Ariel Burbaickij wrote:
> If I correctly understood your question:
> yes, I do change sort order of packet display
> by using different sorting keys like timestamp
> or number. Use of word filter in this sentence from me:
> "...when I filter on packets' number and then on time..."
> is misleading what is meant is sorting.

Yes - "filter" should be used for display filters, not for sorting, as 
many of us are used to interpret it as referring to display filters.

So what happened was (translating):

>>> Hello all,
>>> following for me somehow unexpected result:
>>> when I sort on packets' number and then on time
>>> results are different and sorting on time produces
>>> not ordered set of packets' numbers but they are
>>> mixed like in e.g. 1, 2, 7, 8, 4,3 etc.
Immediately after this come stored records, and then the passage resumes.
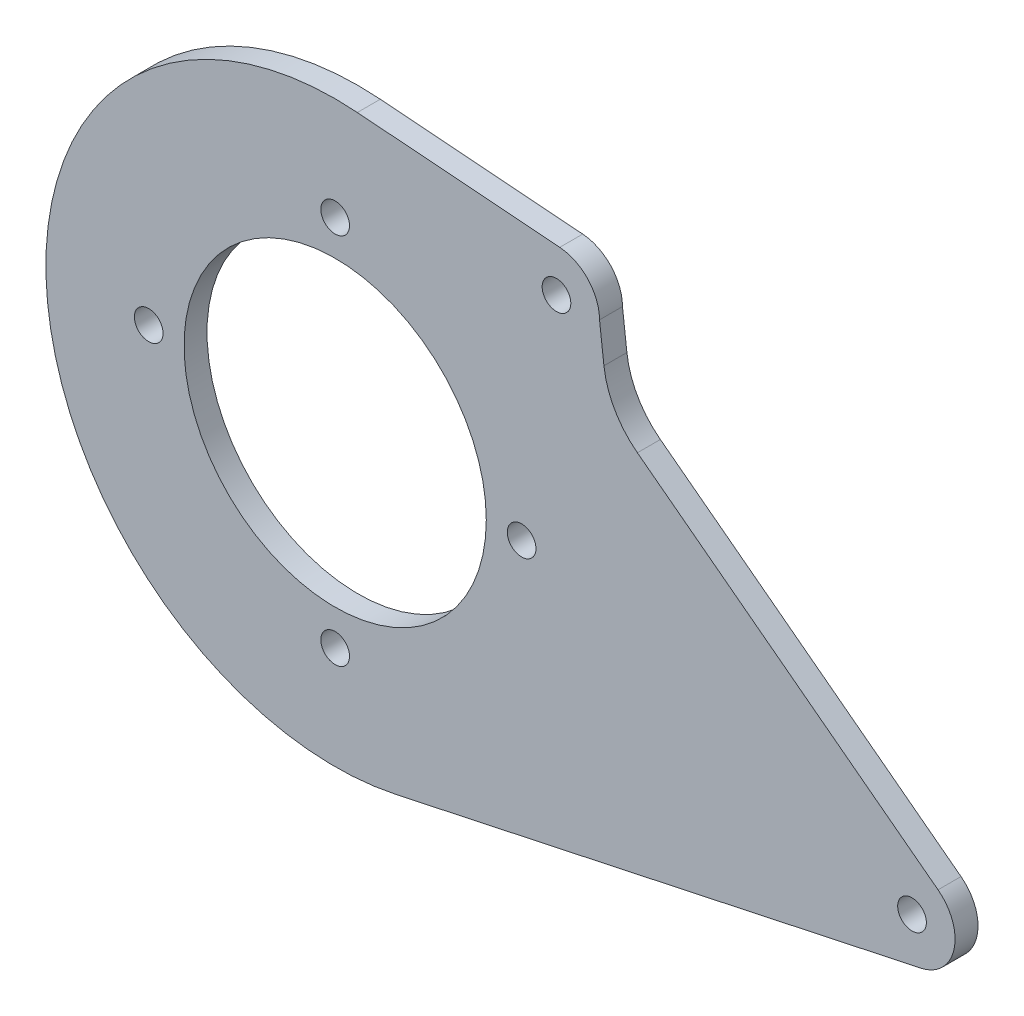
ISO-10303-21;
HEADER;
FILE_DESCRIPTION(('STEP AP214'),'2;1');
FILE_NAME('part.step','',(''),(''),'','','');
FILE_SCHEMA(('AUTOMOTIVE_DESIGN { 1 0 10303 214 1 1 1 1 }'));
ENDSEC;
DATA;
#1=APPLICATION_CONTEXT('core data for automotive mechanical design processes');
#2=APPLICATION_PROTOCOL_DEFINITION('international standard','automotive_design',2000,#1);
#3=PRODUCT_CONTEXT('',#1,'mechanical');
#4=PRODUCT('Part','Part','',(#3));
#5=PRODUCT_RELATED_PRODUCT_CATEGORY('part','',(#4));
#6=PRODUCT_DEFINITION_FORMATION('','',#4);
#7=PRODUCT_DEFINITION_CONTEXT('part definition',#1,'design');
#8=PRODUCT_DEFINITION('design','',#6,#7);
#9=PRODUCT_DEFINITION_SHAPE('','',#8);
#10=(LENGTH_UNIT() NAMED_UNIT(*) SI_UNIT(.MILLI.,.METRE.));
#11=(NAMED_UNIT(*) PLANE_ANGLE_UNIT() SI_UNIT($,.RADIAN.));
#12=(NAMED_UNIT(*) SI_UNIT($,.STERADIAN.) SOLID_ANGLE_UNIT());
#13=UNCERTAINTY_MEASURE_WITH_UNIT(LENGTH_MEASURE(1.E-05),#10,'distance_accuracy_value','');
#14=(GEOMETRIC_REPRESENTATION_CONTEXT(3) GLOBAL_UNCERTAINTY_ASSIGNED_CONTEXT((#13)) GLOBAL_UNIT_ASSIGNED_CONTEXT((#10,
#11,#12)) REPRESENTATION_CONTEXT('',''));
#15=CARTESIAN_POINT('',(0.,0.,0.));
#16=DIRECTION('',(0.,0.,1.));
#17=DIRECTION('',(1.,0.,0.));
#18=AXIS2_PLACEMENT_3D('',#15,#16,#17);
#19=CARTESIAN_POINT('',(0.,0.,10.16));
#20=DIRECTION('',(0.,0.,1.));
#21=DIRECTION('',(1.,0.,0.));
#22=AXIS2_PLACEMENT_3D('',#19,#20,#21);
#23=PLANE('',#22);
#24=CARTESIAN_POINT('',(82.5,0.,10.16));
#25=DIRECTION('',(0.,0.,1.));
#26=DIRECTION('',(1.,0.,0.));
#27=AXIS2_PLACEMENT_3D('',#24,#25,#26);
#28=CIRCLE('',#27,6.35);
#29=CARTESIAN_POINT('',(88.85,0.,10.16));
#30=VERTEX_POINT('',#29);
#31=EDGE_CURVE('E214',#30,#30,#28,.T.);
#32=ORIENTED_EDGE('',*,*,#31,.F.);
#33=EDGE_LOOP('',(#32));
#34=FACE_BOUND('',#33,.T.);
#35=CARTESIAN_POINT('',(-82.5,0.,10.16));
#36=DIRECTION('',(0.,0.,1.));
#37=DIRECTION('',(1.,0.,0.));
#38=AXIS2_PLACEMENT_3D('',#35,#36,#37);
#39=CIRCLE('',#38,6.35);
#40=CARTESIAN_POINT('',(-76.15,0.,10.16));
#41=VERTEX_POINT('',#40);
#42=EDGE_CURVE('E202',#41,#41,#39,.T.);
#43=ORIENTED_EDGE('',*,*,#42,.F.);
#44=EDGE_LOOP('',(#43));
#45=FACE_BOUND('',#44,.T.);
#46=CARTESIAN_POINT('',(0.,0.,10.16));
#47=DIRECTION('',(0.,0.,1.));
#48=DIRECTION('',(1.,0.,0.));
#49=AXIS2_PLACEMENT_3D('',#46,#47,#48);
#50=CIRCLE('',#49,66.87);
#51=CARTESIAN_POINT('',(66.87,0.,10.16));
#52=VERTEX_POINT('',#51);
#53=EDGE_CURVE('E190',#52,#52,#50,.T.);
#54=ORIENTED_EDGE('',*,*,#53,.F.);
#55=EDGE_LOOP('',(#54));
#56=FACE_BOUND('',#55,.T.);
#57=CARTESIAN_POINT('',(0.,0.,10.16));
#58=DIRECTION('',(0.,0.,1.));
#59=DIRECTION('',(1.,0.,0.));
#60=AXIS2_PLACEMENT_3D('',#57,#58,#59);
#61=CIRCLE('',#60,128.);
#62=CARTESIAN_POINT('',(9.80508100267259,127.62390209726,10.16));
#63=VERTEX_POINT('',#62);
#64=CARTESIAN_POINT('',(26.7127683770055,-125.181580137161,10.16));
#65=VERTEX_POINT('',#64);
#66=EDGE_CURVE('E153',#63,#65,#61,.T.);
#67=ORIENTED_EDGE('',*,*,#66,.T.);
#68=DIRECTION('',(0.977981094821572,0.208693502945346,0.));
#69=VECTOR('',#68,1.);
#70=CARTESIAN_POINT('',(26.7127683770055,-125.181580137161,10.16));
#71=LINE('',#70,#69);
#72=CARTESIAN_POINT('',(259.206689864171,-75.5691989310529,10.16));
#73=VERTEX_POINT('',#72);
#74=EDGE_CURVE('E101',#65,#73,#71,.T.);
#75=ORIENTED_EDGE('',*,*,#74,.T.);
#76=CARTESIAN_POINT('',(255.236487197195,-56.9375057502599,10.16));
#77=DIRECTION('',(0.,0.,1.));
#78=DIRECTION('',(1.,0.,0.));
#79=AXIS2_PLACEMENT_3D('',#76,#77,#78);
#80=CIRCLE('',#79,19.0500000000018);
#81=CARTESIAN_POINT('',(266.753249652273,-41.7629651458977,10.16));
#82=VERTEX_POINT('',#81);
#83=EDGE_CURVE('E168',#73,#82,#80,.T.);
#84=ORIENTED_EDGE('',*,*,#83,.T.);
#85=DIRECTION('',(-0.796563811252454,0.604554459584051,0.));
#86=VECTOR('',#85,1.);
#87=CARTESIAN_POINT('',(133.724592453404,59.1995275332562,10.16));
#88=LINE('',#87,#86);
#89=CARTESIAN_POINT('',(133.724592453404,59.1995275332562,10.16));
#90=VERTEX_POINT('',#89);
#91=EDGE_CURVE('E181',#82,#90,#88,.T.);
#92=ORIENTED_EDGE('',*,*,#91,.T.);
#93=CARTESIAN_POINT('',(156.758117363557,89.5486087419742,10.16));
#94=DIRECTION('',(0.,0.,-1.));
#95=DIRECTION('',(-1.,0.,0.));
#96=AXIS2_PLACEMENT_3D('',#93,#94,#95);
#97=CIRCLE('',#96,38.1);
#98=CARTESIAN_POINT('',(118.916102857405,85.1223306083476,10.16));
#99=VERTEX_POINT('',#98);
#100=EDGE_CURVE('E120',#90,#99,#97,.T.);
#101=ORIENTED_EDGE('',*,*,#100,.T.);
#102=DIRECTION('',(-0.116175279097817,0.993228727195576,0.));
#103=VECTOR('',#102,1.);
#104=CARTESIAN_POINT('',(118.916102857405,85.1223306083476,10.16));
#105=LINE('',#104,#103);
#106=CARTESIAN_POINT('',(116.9714473922,101.747964629106,10.16));
#107=VERTEX_POINT('',#106);
#108=EDGE_CURVE('E114',#99,#107,#105,.T.);
#109=ORIENTED_EDGE('',*,*,#108,.T.);
#110=CARTESIAN_POINT('',(97.9214473921997,101.747964629106,10.16));
#111=DIRECTION('',(0.,0.,1.));
#112=DIRECTION('',(1.,0.,0.));
#113=AXIS2_PLACEMENT_3D('',#110,#111,#112);
#114=CIRCLE('',#113,19.05);
#115=CARTESIAN_POINT('',(99.3807192133006,120.741990683425,10.16));
#116=VERTEX_POINT('',#115);
#117=EDGE_CURVE('E118',#107,#116,#114,.T.);
#118=ORIENTED_EDGE('',*,*,#117,.T.);
#119=DIRECTION('',(-0.997061735134844,0.0766021953333798,0.));
#120=VECTOR('',#119,1.);
#121=CARTESIAN_POINT('',(9.80508100267259,127.62390209726,10.16));
#122=LINE('',#121,#120);
#123=EDGE_CURVE('E58',#116,#63,#122,.T.);
#124=ORIENTED_EDGE('',*,*,#123,.T.);
#125=EDGE_LOOP('',(#67,#75,#84,#92,#101,#109,#118,#124));
#126=FACE_BOUND('',#125,.T.);
#127=CARTESIAN_POINT('',(255.236487197195,-56.9375057502599,10.16));
#128=DIRECTION('',(0.,0.,1.));
#129=DIRECTION('',(1.,0.,0.));
#130=AXIS2_PLACEMENT_3D('',#127,#128,#129);
#131=CIRCLE('',#130,6.34999999999994);
#132=CARTESIAN_POINT('',(261.586487197195,-56.9375057502599,10.16));
#133=VERTEX_POINT('',#132);
#134=EDGE_CURVE('E142',#133,#133,#131,.T.);
#135=ORIENTED_EDGE('',*,*,#134,.F.);
#136=EDGE_LOOP('',(#135));
#137=FACE_BOUND('',#136,.T.);
#138=CARTESIAN_POINT('',(0.,82.5,10.16));
#139=DIRECTION('',(0.,0.,1.));
#140=DIRECTION('',(1.,0.,0.));
#141=AXIS2_PLACEMENT_3D('',#138,#139,#140);
#142=CIRCLE('',#141,6.35);
#143=CARTESIAN_POINT('',(6.35,82.5,10.16));
#144=VERTEX_POINT('',#143);
#145=EDGE_CURVE('E196',#144,#144,#142,.T.);
#146=ORIENTED_EDGE('',*,*,#145,.F.);
#147=EDGE_LOOP('',(#146));
#148=FACE_BOUND('',#147,.T.);
#149=CARTESIAN_POINT('',(1.00110585106407E-12,-82.5,10.16));
#150=DIRECTION('',(0.,0.,1.));
#151=DIRECTION('',(1.,0.,0.));
#152=AXIS2_PLACEMENT_3D('',#149,#150,#151);
#153=CIRCLE('',#152,6.35);
#154=CARTESIAN_POINT('',(6.350000000001,-82.5,10.16));
#155=VERTEX_POINT('',#154);
#156=EDGE_CURVE('E208',#155,#155,#153,.T.);
#157=ORIENTED_EDGE('',*,*,#156,.F.);
#158=EDGE_LOOP('',(#157));
#159=FACE_BOUND('',#158,.T.);
#160=CARTESIAN_POINT('',(97.9214473921997,101.747964629106,10.16));
#161=DIRECTION('',(0.,0.,1.));
#162=DIRECTION('',(1.,0.,0.));
#163=AXIS2_PLACEMENT_3D('',#160,#161,#162);
#164=CIRCLE('',#163,6.34999999999999);
#165=CARTESIAN_POINT('',(104.2714473922,101.747964629106,10.16));
#166=VERTEX_POINT('',#165);
#167=EDGE_CURVE('E220',#166,#166,#164,.T.);
#168=ORIENTED_EDGE('',*,*,#167,.F.);
#169=EDGE_LOOP('',(#168));
#170=FACE_BOUND('',#169,.T.);
#171=ADVANCED_FACE('F41',(#34,#45,#56,#126,#137,#148,#159,#170),#23,.T.);
#172=CARTESIAN_POINT('',(0.,0.,0.));
#173=DIRECTION('',(0.,0.,1.));
#174=DIRECTION('',(1.,0.,0.));
#175=AXIS2_PLACEMENT_3D('',#172,#173,#174);
#176=PLANE('',#175);
#177=CARTESIAN_POINT('',(0.,0.,0.));
#178=DIRECTION('',(0.,0.,1.));
#179=DIRECTION('',(1.,0.,0.));
#180=AXIS2_PLACEMENT_3D('',#177,#178,#179);
#181=CIRCLE('',#180,128.);
#182=CARTESIAN_POINT('',(9.80508100267259,127.62390209726,0.));
#183=VERTEX_POINT('',#182);
#184=CARTESIAN_POINT('',(26.7127683770055,-125.181580137161,0.));
#185=VERTEX_POINT('',#184);
#186=EDGE_CURVE('E138',#183,#185,#181,.T.);
#187=ORIENTED_EDGE('',*,*,#186,.F.);
#188=DIRECTION('',(-0.997061735134844,0.0766021953333798,0.));
#189=VECTOR('',#188,1.);
#190=CARTESIAN_POINT('',(9.80508100267259,127.62390209726,0.));
#191=LINE('',#190,#189);
#192=CARTESIAN_POINT('',(99.3807192133006,120.741990683425,0.));
#193=VERTEX_POINT('',#192);
#194=EDGE_CURVE('E93',#193,#183,#191,.T.);
#195=ORIENTED_EDGE('',*,*,#194,.F.);
#196=CARTESIAN_POINT('',(97.9214473921997,101.747964629106,0.));
#197=DIRECTION('',(0.,0.,1.));
#198=DIRECTION('',(1.,0.,0.));
#199=AXIS2_PLACEMENT_3D('',#196,#197,#198);
#200=CIRCLE('',#199,19.05);
#201=CARTESIAN_POINT('',(116.9714473922,101.747964629106,0.));
#202=VERTEX_POINT('',#201);
#203=EDGE_CURVE('E87',#202,#193,#200,.T.);
#204=ORIENTED_EDGE('',*,*,#203,.F.);
#205=DIRECTION('',(-0.116175279097817,0.993228727195576,0.));
#206=VECTOR('',#205,1.);
#207=CARTESIAN_POINT('',(118.916102857405,85.1223306083476,0.));
#208=LINE('',#207,#206);
#209=CARTESIAN_POINT('',(118.916102857405,85.1223306083476,0.));
#210=VERTEX_POINT('',#209);
#211=EDGE_CURVE('E128',#210,#202,#208,.T.);
#212=ORIENTED_EDGE('',*,*,#211,.F.);
#213=CARTESIAN_POINT('',(156.758117363557,89.5486087419742,0.));
#214=DIRECTION('',(0.,0.,-1.));
#215=DIRECTION('',(-1.,0.,0.));
#216=AXIS2_PLACEMENT_3D('',#213,#214,#215);
#217=CIRCLE('',#216,38.1);
#218=CARTESIAN_POINT('',(133.724592453404,59.1995275332562,0.));
#219=VERTEX_POINT('',#218);
#220=EDGE_CURVE('E148',#219,#210,#217,.T.);
#221=ORIENTED_EDGE('',*,*,#220,.F.);
#222=DIRECTION('',(-0.796563811252454,0.604554459584051,0.));
#223=VECTOR('',#222,1.);
#224=CARTESIAN_POINT('',(133.724592453404,59.1995275332562,0.));
#225=LINE('',#224,#223);
#226=CARTESIAN_POINT('',(266.753249652273,-41.7629651458977,0.));
#227=VERTEX_POINT('',#226);
#228=EDGE_CURVE('E146',#227,#219,#225,.T.);
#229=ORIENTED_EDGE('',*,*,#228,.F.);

I'm not sure our packet sorting algorithms are stable, so if two packets 
have the same time stamp, sorting by the time stamp might not preserve 
the order they had before that sort.

In addition, as per my earlier mail:

>> Packet capture mechanisms do not necessarily guarantee that the N+1st
>> packet delivered to libpcap has a time stamp >= that of the Nth packet
>> delivered to libpcap - I'd argue that not making such a guarantee
>> (assuming nobody explicitly moves the system clock backwards; if that
>> happens, all bets are off) is a bug, but I think some versions of
>> Linux, for example, are buggy in that sense.

even if all packets have different time stamps, if M > N, packet M might 
not have a larger time stamp than packet N, so sorting by time stamp 
could put the packets in a different order than sorting by packet number.